**Goal of the exercise**
The lines from the top of the listing through the one containing "blk = doc.blocks.new('*D3')" are to be retyped exactly, with no other lines.

[Input data Boundary: Start]

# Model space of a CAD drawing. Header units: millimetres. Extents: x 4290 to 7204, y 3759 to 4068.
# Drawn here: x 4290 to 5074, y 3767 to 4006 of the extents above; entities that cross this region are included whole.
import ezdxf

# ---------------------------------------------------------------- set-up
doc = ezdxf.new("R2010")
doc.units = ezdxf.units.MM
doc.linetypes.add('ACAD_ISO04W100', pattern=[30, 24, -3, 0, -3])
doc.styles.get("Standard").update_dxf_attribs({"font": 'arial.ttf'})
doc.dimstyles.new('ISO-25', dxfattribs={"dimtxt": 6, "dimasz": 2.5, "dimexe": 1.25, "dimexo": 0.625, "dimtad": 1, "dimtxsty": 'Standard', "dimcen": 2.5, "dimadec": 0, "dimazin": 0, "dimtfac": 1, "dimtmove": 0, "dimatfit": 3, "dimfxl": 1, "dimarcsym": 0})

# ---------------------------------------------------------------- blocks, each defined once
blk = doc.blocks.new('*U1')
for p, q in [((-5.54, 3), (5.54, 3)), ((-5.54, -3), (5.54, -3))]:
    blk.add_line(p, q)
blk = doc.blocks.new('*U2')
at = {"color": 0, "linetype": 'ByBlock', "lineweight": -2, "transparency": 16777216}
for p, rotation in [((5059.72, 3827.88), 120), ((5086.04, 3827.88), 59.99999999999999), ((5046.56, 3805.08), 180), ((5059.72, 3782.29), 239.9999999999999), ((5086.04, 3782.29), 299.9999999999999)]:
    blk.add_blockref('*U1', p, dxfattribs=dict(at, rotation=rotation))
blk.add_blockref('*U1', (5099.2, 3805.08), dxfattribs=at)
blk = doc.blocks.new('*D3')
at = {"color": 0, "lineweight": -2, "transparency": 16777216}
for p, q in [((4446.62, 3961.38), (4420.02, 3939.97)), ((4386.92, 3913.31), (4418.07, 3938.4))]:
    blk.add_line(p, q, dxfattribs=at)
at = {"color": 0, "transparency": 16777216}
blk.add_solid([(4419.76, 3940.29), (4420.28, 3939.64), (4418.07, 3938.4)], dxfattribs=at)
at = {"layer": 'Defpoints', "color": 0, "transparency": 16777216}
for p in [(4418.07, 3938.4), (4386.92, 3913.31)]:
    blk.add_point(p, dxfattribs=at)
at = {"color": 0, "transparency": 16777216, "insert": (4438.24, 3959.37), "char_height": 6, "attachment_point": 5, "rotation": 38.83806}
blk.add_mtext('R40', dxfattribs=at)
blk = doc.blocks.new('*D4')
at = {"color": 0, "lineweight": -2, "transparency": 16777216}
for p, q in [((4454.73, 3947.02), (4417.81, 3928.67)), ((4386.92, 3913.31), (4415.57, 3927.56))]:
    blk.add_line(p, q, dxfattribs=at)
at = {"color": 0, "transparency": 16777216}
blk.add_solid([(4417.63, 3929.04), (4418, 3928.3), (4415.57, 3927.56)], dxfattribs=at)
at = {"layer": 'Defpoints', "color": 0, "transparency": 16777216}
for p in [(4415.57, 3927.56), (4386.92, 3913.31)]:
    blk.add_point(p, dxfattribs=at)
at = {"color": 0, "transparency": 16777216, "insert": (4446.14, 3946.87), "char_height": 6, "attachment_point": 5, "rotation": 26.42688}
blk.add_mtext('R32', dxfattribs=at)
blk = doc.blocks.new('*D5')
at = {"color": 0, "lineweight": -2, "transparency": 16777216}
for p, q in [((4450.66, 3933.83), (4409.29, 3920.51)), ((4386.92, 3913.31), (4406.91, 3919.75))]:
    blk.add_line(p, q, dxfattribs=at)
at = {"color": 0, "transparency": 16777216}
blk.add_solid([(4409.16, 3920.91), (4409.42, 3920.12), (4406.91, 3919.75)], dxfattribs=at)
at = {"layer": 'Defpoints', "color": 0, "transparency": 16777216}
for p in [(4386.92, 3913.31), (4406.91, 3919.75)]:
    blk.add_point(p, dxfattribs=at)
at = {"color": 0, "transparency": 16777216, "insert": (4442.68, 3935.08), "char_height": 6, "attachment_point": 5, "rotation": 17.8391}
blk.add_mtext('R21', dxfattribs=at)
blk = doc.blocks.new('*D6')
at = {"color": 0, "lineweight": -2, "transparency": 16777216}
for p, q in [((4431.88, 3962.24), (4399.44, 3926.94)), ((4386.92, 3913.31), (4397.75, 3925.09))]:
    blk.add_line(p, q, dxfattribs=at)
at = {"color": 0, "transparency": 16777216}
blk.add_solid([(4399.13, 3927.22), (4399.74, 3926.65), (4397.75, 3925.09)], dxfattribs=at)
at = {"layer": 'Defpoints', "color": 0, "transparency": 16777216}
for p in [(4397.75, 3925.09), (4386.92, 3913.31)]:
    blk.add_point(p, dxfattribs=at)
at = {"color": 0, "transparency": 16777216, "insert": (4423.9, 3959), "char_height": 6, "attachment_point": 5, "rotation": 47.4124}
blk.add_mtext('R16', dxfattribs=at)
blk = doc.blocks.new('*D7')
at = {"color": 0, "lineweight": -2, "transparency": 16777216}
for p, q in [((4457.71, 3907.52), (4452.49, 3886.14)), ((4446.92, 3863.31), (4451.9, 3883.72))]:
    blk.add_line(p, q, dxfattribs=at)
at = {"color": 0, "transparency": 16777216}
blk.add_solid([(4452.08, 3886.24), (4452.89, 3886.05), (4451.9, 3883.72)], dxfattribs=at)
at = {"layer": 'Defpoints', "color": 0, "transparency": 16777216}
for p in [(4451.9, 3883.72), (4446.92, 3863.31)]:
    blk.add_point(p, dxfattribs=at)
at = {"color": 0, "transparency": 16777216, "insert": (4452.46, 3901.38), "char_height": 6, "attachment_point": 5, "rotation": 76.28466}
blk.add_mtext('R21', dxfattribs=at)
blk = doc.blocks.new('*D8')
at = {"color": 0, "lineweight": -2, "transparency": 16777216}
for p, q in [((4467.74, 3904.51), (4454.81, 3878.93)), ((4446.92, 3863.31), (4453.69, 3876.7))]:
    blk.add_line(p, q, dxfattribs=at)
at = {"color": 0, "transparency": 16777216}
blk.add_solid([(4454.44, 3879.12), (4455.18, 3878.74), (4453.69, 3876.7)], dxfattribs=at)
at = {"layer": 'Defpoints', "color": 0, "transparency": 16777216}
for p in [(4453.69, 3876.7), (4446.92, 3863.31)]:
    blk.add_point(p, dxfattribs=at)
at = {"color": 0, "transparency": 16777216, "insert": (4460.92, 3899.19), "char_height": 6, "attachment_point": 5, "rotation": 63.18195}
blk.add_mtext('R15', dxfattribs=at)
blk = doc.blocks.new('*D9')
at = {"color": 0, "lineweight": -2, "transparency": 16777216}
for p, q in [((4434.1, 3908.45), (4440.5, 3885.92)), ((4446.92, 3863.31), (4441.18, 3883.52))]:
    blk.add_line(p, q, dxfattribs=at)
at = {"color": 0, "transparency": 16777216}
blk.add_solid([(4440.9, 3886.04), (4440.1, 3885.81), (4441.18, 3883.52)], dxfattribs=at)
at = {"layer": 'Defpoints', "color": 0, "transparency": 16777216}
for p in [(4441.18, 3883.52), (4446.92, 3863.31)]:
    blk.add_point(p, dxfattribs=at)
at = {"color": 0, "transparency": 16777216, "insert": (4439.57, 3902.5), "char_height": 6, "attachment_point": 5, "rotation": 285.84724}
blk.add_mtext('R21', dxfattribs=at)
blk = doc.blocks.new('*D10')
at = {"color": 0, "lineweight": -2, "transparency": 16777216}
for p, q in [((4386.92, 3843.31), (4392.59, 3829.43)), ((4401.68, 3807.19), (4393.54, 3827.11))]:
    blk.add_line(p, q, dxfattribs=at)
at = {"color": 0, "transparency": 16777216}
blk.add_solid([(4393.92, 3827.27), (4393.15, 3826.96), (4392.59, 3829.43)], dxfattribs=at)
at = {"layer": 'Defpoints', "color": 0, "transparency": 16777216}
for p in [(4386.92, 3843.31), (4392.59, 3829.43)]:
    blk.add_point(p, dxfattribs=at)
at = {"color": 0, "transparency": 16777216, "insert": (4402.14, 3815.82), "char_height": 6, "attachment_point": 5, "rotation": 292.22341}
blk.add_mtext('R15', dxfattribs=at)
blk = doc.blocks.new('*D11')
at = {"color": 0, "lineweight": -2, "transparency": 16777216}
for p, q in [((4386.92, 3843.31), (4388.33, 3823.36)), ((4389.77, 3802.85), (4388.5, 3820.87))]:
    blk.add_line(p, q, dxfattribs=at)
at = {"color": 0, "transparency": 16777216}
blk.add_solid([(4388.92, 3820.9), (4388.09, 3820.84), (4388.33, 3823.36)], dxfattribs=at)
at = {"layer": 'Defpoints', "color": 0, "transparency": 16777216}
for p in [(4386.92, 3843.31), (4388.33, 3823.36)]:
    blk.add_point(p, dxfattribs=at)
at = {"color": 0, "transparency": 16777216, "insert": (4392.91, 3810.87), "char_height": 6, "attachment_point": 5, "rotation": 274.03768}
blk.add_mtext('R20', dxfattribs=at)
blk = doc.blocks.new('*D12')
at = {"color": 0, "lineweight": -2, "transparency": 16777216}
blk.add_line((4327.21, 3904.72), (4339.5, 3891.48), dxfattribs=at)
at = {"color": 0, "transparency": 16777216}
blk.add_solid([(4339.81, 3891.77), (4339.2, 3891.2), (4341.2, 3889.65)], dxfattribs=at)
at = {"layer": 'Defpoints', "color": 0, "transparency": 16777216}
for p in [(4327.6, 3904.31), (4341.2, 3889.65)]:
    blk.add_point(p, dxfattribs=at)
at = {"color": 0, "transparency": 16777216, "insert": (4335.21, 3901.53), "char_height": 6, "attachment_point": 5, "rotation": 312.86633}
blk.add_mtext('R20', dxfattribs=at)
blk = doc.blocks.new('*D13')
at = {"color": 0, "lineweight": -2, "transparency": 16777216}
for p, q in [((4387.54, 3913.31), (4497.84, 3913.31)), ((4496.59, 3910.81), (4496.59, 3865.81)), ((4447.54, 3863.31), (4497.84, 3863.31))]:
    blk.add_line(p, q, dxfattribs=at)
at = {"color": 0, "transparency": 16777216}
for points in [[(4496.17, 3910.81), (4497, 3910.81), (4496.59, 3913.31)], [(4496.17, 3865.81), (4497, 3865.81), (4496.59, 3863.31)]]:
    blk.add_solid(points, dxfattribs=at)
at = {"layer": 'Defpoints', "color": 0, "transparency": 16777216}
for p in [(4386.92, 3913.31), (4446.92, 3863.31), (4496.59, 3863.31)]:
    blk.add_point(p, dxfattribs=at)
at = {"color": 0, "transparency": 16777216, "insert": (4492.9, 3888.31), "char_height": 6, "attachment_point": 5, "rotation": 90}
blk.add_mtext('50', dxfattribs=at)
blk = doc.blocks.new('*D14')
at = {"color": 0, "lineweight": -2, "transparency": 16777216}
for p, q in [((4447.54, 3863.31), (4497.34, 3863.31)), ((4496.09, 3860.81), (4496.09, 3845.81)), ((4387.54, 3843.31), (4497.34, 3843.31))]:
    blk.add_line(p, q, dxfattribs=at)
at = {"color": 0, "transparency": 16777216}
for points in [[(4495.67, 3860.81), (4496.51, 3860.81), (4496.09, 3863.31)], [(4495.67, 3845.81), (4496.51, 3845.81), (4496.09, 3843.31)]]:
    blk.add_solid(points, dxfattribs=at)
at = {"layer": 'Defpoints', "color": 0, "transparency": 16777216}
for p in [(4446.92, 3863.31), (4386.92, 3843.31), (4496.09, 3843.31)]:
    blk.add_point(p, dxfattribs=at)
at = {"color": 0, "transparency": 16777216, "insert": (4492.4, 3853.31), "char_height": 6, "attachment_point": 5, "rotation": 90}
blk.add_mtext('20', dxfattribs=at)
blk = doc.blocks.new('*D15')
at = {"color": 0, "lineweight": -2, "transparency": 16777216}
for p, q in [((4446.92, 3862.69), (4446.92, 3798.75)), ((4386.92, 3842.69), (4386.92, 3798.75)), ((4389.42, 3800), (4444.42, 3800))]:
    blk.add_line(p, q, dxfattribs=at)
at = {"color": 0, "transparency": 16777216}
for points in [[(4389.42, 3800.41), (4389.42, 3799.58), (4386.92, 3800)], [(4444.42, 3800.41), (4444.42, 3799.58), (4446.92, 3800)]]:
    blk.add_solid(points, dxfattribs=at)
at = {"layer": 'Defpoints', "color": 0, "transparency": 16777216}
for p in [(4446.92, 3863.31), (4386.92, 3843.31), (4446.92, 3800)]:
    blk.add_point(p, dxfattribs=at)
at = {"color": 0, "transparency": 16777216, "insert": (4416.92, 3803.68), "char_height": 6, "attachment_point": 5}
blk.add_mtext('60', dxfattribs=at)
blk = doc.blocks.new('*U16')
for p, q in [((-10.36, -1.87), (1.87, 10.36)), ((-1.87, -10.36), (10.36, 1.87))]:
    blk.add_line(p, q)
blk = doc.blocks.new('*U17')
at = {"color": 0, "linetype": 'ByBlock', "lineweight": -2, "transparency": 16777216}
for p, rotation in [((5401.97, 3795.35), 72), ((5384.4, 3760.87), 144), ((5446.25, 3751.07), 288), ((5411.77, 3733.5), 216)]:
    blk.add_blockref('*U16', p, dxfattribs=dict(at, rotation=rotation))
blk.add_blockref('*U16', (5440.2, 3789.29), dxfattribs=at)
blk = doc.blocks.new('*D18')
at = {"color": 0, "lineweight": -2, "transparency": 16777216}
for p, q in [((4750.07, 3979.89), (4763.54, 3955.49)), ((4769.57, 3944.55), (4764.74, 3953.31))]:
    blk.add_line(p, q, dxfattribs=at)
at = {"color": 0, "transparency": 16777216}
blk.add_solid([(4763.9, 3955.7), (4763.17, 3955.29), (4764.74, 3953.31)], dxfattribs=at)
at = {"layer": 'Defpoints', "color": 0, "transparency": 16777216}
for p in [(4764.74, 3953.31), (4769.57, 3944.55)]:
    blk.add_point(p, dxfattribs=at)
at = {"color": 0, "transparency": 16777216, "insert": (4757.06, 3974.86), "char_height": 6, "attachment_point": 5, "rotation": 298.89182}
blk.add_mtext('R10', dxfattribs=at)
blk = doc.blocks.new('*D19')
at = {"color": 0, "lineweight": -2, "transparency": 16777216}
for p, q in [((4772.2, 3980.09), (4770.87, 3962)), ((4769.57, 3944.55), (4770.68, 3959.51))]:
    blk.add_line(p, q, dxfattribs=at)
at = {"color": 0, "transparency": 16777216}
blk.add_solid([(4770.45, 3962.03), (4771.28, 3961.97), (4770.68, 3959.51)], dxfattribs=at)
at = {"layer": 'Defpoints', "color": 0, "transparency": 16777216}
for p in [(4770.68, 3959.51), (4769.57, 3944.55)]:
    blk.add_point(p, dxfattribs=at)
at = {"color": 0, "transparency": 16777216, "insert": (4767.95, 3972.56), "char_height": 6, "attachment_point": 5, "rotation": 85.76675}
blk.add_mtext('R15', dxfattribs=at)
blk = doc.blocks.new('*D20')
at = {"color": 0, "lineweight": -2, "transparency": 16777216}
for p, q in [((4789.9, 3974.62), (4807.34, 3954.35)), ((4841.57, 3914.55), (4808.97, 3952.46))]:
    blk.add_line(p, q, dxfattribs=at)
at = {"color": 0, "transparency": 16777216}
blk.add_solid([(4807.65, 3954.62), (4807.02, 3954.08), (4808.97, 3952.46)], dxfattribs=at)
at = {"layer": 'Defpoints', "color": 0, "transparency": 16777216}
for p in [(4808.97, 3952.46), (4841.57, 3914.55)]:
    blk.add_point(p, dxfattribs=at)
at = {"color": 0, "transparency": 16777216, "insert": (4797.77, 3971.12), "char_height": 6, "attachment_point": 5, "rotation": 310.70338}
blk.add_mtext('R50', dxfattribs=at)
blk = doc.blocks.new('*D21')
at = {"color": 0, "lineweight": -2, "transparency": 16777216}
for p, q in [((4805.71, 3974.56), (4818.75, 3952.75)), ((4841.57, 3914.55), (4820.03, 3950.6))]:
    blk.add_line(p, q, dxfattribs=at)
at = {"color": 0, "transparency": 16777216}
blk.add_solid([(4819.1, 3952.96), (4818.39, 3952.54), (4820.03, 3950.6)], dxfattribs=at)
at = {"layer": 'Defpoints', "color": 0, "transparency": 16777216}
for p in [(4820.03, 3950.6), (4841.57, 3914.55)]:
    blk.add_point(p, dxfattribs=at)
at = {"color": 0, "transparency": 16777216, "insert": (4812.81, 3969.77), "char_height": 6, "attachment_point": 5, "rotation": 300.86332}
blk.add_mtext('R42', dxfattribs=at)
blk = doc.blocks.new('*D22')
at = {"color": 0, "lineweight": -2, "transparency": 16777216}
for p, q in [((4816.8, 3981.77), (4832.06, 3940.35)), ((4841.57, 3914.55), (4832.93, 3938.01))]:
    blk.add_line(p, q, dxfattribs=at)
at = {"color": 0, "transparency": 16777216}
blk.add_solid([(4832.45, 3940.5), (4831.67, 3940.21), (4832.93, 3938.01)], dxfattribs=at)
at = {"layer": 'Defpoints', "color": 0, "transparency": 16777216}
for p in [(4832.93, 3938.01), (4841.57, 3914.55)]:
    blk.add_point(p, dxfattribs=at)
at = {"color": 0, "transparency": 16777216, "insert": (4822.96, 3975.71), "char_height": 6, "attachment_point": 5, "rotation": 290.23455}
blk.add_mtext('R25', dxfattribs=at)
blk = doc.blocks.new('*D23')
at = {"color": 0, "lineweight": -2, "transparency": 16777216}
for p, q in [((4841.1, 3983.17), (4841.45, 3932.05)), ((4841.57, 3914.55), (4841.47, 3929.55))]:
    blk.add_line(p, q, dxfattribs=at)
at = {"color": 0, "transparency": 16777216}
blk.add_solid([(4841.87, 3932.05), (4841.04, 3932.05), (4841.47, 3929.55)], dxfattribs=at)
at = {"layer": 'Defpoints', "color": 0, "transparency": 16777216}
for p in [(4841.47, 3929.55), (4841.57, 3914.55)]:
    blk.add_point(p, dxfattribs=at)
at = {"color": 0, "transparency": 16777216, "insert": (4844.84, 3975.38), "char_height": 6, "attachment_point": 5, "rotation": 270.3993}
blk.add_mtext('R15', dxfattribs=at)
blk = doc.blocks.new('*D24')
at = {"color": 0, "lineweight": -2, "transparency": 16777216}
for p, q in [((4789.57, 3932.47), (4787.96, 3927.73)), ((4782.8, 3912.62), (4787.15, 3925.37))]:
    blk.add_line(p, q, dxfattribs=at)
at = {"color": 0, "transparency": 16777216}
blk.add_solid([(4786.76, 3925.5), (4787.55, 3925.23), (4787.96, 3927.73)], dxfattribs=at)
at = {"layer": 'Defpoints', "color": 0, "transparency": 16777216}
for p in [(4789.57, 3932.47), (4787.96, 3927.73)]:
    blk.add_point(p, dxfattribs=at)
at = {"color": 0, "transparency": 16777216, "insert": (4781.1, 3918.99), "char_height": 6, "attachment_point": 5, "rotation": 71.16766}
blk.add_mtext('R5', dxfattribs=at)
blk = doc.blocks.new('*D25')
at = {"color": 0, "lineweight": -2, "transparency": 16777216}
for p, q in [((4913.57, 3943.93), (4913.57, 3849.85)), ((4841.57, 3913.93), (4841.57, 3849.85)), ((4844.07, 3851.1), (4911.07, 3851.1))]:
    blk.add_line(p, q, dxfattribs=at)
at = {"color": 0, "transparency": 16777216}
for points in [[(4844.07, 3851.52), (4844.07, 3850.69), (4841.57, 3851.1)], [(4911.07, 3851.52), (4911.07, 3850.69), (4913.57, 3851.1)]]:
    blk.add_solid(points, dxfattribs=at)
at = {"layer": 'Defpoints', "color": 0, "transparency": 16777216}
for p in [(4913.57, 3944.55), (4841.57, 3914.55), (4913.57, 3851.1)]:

[Input data Boundary: End]

**Exercise solution**
# Model space of a CAD drawing. Header units: millimetres. Extents: x 4290 to 7204, y 3759 to 4068.
# Drawn here: x 4290 to 5074, y 3767 to 4006 of the extents above; entities that cross this region are included whole.
import ezdxf

# ---------------------------------------------------------------- set-up
doc = ezdxf.new("R2010")
doc.units = ezdxf.units.MM
doc.linetypes.add('ACAD_ISO04W100', pattern=[30, 24, -3, 0, -3])
doc.styles.get("Standard").update_dxf_attribs({"font": 'arial.ttf'})
doc.dimstyles.new('ISO-25', dxfattribs={"dimtxt": 6, "dimasz": 2.5, "dimexe": 1.25, "dimexo": 0.625, "dimtad": 1, "dimtxsty": 'Standard', "dimcen": 2.5, "dimadec": 0, "dimazin": 0, "dimtfac": 1, "dimtmove": 0, "dimatfit": 3, "dimfxl": 1, "dimarcsym": 0})

# ---------------------------------------------------------------- blocks, each defined once
blk = doc.blocks.new('*U1')
for p, q in [((-5.54, 3), (5.54, 3)), ((-5.54, -3), (5.54, -3))]:
    blk.add_line(p, q)
blk = doc.blocks.new('*U2')
at = {"color": 0, "linetype": 'ByBlock', "lineweight": -2, "transparency": 16777216}
for p, rotation in [((5059.72, 3827.88), 120), ((5086.04, 3827.88), 59.99999999999999), ((5046.56, 3805.08), 180), ((5059.72, 3782.29), 239.9999999999999), ((5086.04, 3782.29), 299.9999999999999)]:
    blk.add_blockref('*U1', p, dxfattribs=dict(at, rotation=rotation))
blk.add_blockref('*U1', (5099.2, 3805.08), dxfattribs=at)
blk = doc.blocks.new('*D3')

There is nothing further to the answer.